We found no significant association between obesity and atrophic gastritis prevalence, while mixed results were reported elsewhere. A study from Japan showed an inverse association between BMI and atrophic gastritis,40 as opposed to a positive association observed in young individuals in Sweden.20 Individuals with atrophic gastritis might experience changes in appetite and dietary habits; therefore, given the cross-sectional design of our and others’ studies,20 40 we cannot rule out the possibility of reverse causation as an explanation for discrepant findings. A large prospective study among males in Israel showed that obesity at adolescence to be positively related to increased risk of non-cardia gastric cancer.41

Our study has some limitations. First, locally validated serum PG assays are lacking, for example in comparison with histological examination of gastric biopsies. Using serum PGs to study atrophic gastritis likely underestimated the prevalence of this outcome. We assume that within each population group such misclassification is not differential; thus, it would not be expected to affect the population-specific conclusions regarding the correlates of atrophic gastritis. However, eventually, we cannot rule out entirely the possibility that the validity of the assay may differ between the two populations. Second, the cross-sectional study design limits the ability to assess directionality in associations of lifestyle variables with atrophic gastritis. Some individuals may have introduced lifestyle changes because of having atrophic gastritis, thus biassing the associations towards the null. Third, data on previous H. pylori eradication therapy were not collected. This is due to the nature of our study, which employed anonymised archived sera and data that were collected in a previous study on cardiovascular risk factors about a decade ago. Lastly, the response rate to participate in the study was relatively low among Jewish participants (55%). Although at enrolment, subjects were not aware of the current study hypothesis, we cannot rule out the possibility that non-response differed by atrophic gastritis or H. pylori infection and related characteristics.

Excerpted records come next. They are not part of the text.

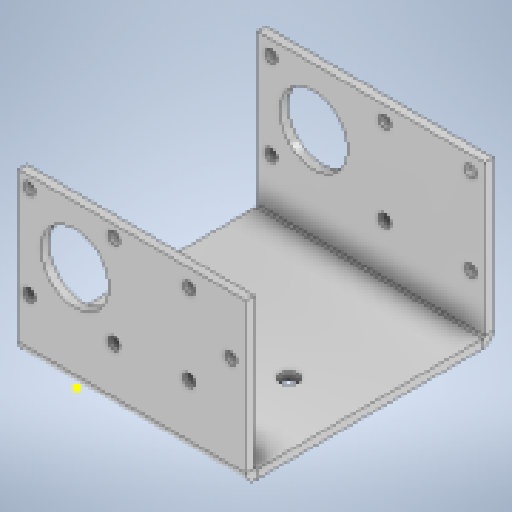
# Autodesk Inventor part: axis_25_bottom_frame
Saved by Autodesk Inventor 2025.2 (Build 292293000, 293)
## iProperties
Created: 2025-06-30
Part Number: axis_25_bottom_frame
Material: Aluminum 6061-AHC
Document SubType Name: Sheet Metal
Designer: LG
Density: 2.7 g/cm^3
Sheet Metal Rule: Default_mm
Appearance: Aluminum - Dark
Author: LG
Autodesk Inventor part; units mm, degrees
ref_plane "YZ Plane" through (0, 0, 0) normal (1, 0, 0) x (0, 1, 0)
ref_plane "XZ Plane" through (0, 0, 0) normal (0, 1, 0) x (-1, 0, 0)
ref_plane "XY Plane" through (0, 0, 0) normal (0, 0, 1) x (1, 0, 0)
sketch "Sketch1" plane through (0, 0, 0) normal (0, 1, 0) x (-1, 0, 0)
  line L0 (10.17, 20.25) -> (-29.83, 20.25)
  line L1 (-29.83, 20.25) -> (-29.83, -20.25)
  line L2 (-29.83, -20.25) -> (10.17, -20.25)
  line L3 (10.17, -20.25) -> (10.17, 20.25)
  point P0 (0, 0)
  dimension "d0" = 40.5
  dimension "d1" = 40
  dimension "d2" = 10.17
  dimension "d3" = 20.25
  measures "d0" distance of L2.end L0.start
  measures "d1" distance of L1.end L2.end
  measures "d2" distance from line of point (0, 0) L3
  measures "d3" distance from line of point (0, 0) L2
extrude "Plate1" add sketch "Sketch1" along normal blind 1.5
sketch "Sketch2" plane through (29.83, 0, 21.75) normal (0, 0, -1) x (-1, 0, 0)
  line L0 (40, 0) -> (0, 0)
  line L1 (0, 0) -> (0, 28.14)
  line L2 (0, 28.14) -> (40, 28.14)
  line L3 (40, 28.14) -> (40, 0)
  constraints: 8 end point
edge flange "Flange1" height 28.14 angle 90 thickness 1.5 bend radius 0.31 thickness toward (0, 0, -1) relief straight relief width 1.5 relief depth 0.75 corner gap 0.31 corner form 0 edges at (9.83, 1.5, 20.25) (9.83, 1.5, -20.25) wall of the first edge with corners at (-10.17, 0, 21.75) (29.83, 0, 21.75) (29.83, 28.14, 21.75) (-10.17, 28.14, 21.75)
bend "Bend1"
corner "Corner1"
sketch "Sketch6" plane through (-10.17, 28.14, 21.75) normal (0, 0, 1) x (1, 0, 0)
  point P0 (10.17, -28.14)
sketch "Sketch7" plane through (-10.17, 28.14, 21.75) normal (0, 0, 1) x (1, 0, 0)
  circle A0 centre (16.8, -2.07) radius 0.7835
  circle A1 centre (30.02, -3.07) radius 0.7835
  circle A2 centre (37.32, -10.07) radius 0.7835
  circle A3 centre (30.02, -17.07) radius 0.7835
  circle A4 centre (16.8, -18.07) radius 0.7835
  circle A5 centre (1.9, -2) radius 1
  circle A6 centre (1.9, -18.14) radius 1
  point P0 (10.17, -28.14)
  constraints: 7 centre point, 14 other
hole "Hole3" at (-8.27, 26.14, 21.75) at (-8.27, 10, 21.75) at (6.63, 26.07, 21.75) at (6.63, 10.07, 21.75) at (19.85, 25.07, 21.75) at (19.85, 11.07, 21.75) at (27.15, 18.07, 21.75) direction (0, 0, -1) diameter 2.1 depth 1.5
sketch "Sketch8" plane through (29.83, 28.14, -21.75) normal (0, 0, -1) x (-1, 0, 0)
  circle A0 centre (2.5, -2.545) radius 0.7835
  circle A1 centre (2.5, -17.595) radius 0.7835
  circle A2 centre (17.6, -2.545) radius 0.7835
  circle A3 centre (17.6, -17.595) radius 0.7835
  circle A4 centre (37.6, -2.545) radius 0.7835
  circle A5 centre (37.6, -17.595) radius 0.7835
  point P0 (29.83, -28.14)
  constraints: 6 centre point, 12 other
hole "Hole4" at (27.33, 25.595, -21.75) at (27.33, 10.545, -21.75) at (12.23, 25.595, -21.75) at (12.23, 10.545, -21.75) at (-7.77, 25.595, -21.75) at (-7.77, 10.545, -21.75) direction (0, 0, 1) diameter 2.1 depth 1.5
sketch "Sketch9" plane through (29.83, 28.14, -21.75) normal (0, 0, -1) x (-1, 0, 0)
  circle A0 centre (30.1, -10.07) radius 6
  point P0 (29.83, -28.14)
  constraints: 1 centre point, 2 other
extrude "Cut2" cut sketch "Sketch9" against normal blind 1.5
sketch "Sketch10" plane through (-10.17, 28.14, 21.75) normal (0, 0, 1) x (1, 0, 0)
  point P0 (10.17, -28.14)
sketch "Sketch11" plane through (-10.17, 28.14, 21.75) normal (0, 0, 1) x (1, 0, 0)
  point P0 (10.17, -28.14)
sketch "Sketch12" plane through (-10.17, 28.14, 21.75) normal (0, 0, 1) x (1, 0, 0)
  circle A0 centre (9.9, -10.07) radius 6
  point P0 (10.17, -28.14)
  constraints: 1 centre point, 2 other
extrude "Cut3" cut sketch "Sketch12" against normal blind 1.5
sketch "Sketch14" plane through (0, 0, 0) normal (0, -1, 0) x (1, 0, 0)
  circle A0 centre (0.78, 17.18) radius 1.55
  circle A1 centre (18.78, 17.18) radius 1.55
  circle A2 centre (18.78, 3.18) radius 1.55
  circle A3 centre (0.78, 3.18) radius 1.55
  point P0 (0, 0)
  constraints: 4 centre point, 8 other
extrude "Cut5" cut sketch "Sketch14" against normal blind 1.5
equation "\"d48\" = Thickness"
equation "\"d55\" = Thickness"
equation "\"d57\" = Thickness"
equation "\"d59\" = Thickness"
equation "\"d63\" = Thickness"
equation "\"d4\" = Thickness"
equation "\"d5\" = BendReliefWidth"
equation "\"d6\" = BendReliefDepth"
equation "\"d7\" = MinimumRemnant"
equation "\"d8\" = TransitionRadius"
equation "\"d11\" = BendRadius"
equation "\"d12\" = CornerReliefSize"
equation "\"d13\" = GapSize"
equation "\"d14\" = JacobiRadiusSize"
equation "\"BendReliefWidth\" = Thickness"
equation "\"BendReliefDepth\" = 0.5 * Thickness"
equation "\"CornerReliefSize\" = 4 * Thickness"
equation "\"MinimumRemnant\" = 2 * Thickness"
equation "\"TransitionRadius\" = BendRadius"
equation "\"JacobiRadiusSize\" = BendRadius"
equation "\"GapSize\" = Thickness"
equation "\"Thickness\" = 1.5"
equation "\"BendRadius\" = 0.31"
body "Solid1"

Strengths of our study include a large general population sample with the representation of various ethnic groups and the attainment of findings of broad generalisability.

In conclusion, ethnic differences were observed in the prevalence of atrophic gastritis and in its association with H. pylori seropositivity. The lowest PGI:PGII ratio was observed in persons infected with CagA strains, although this measure may discriminate less well in Arabs.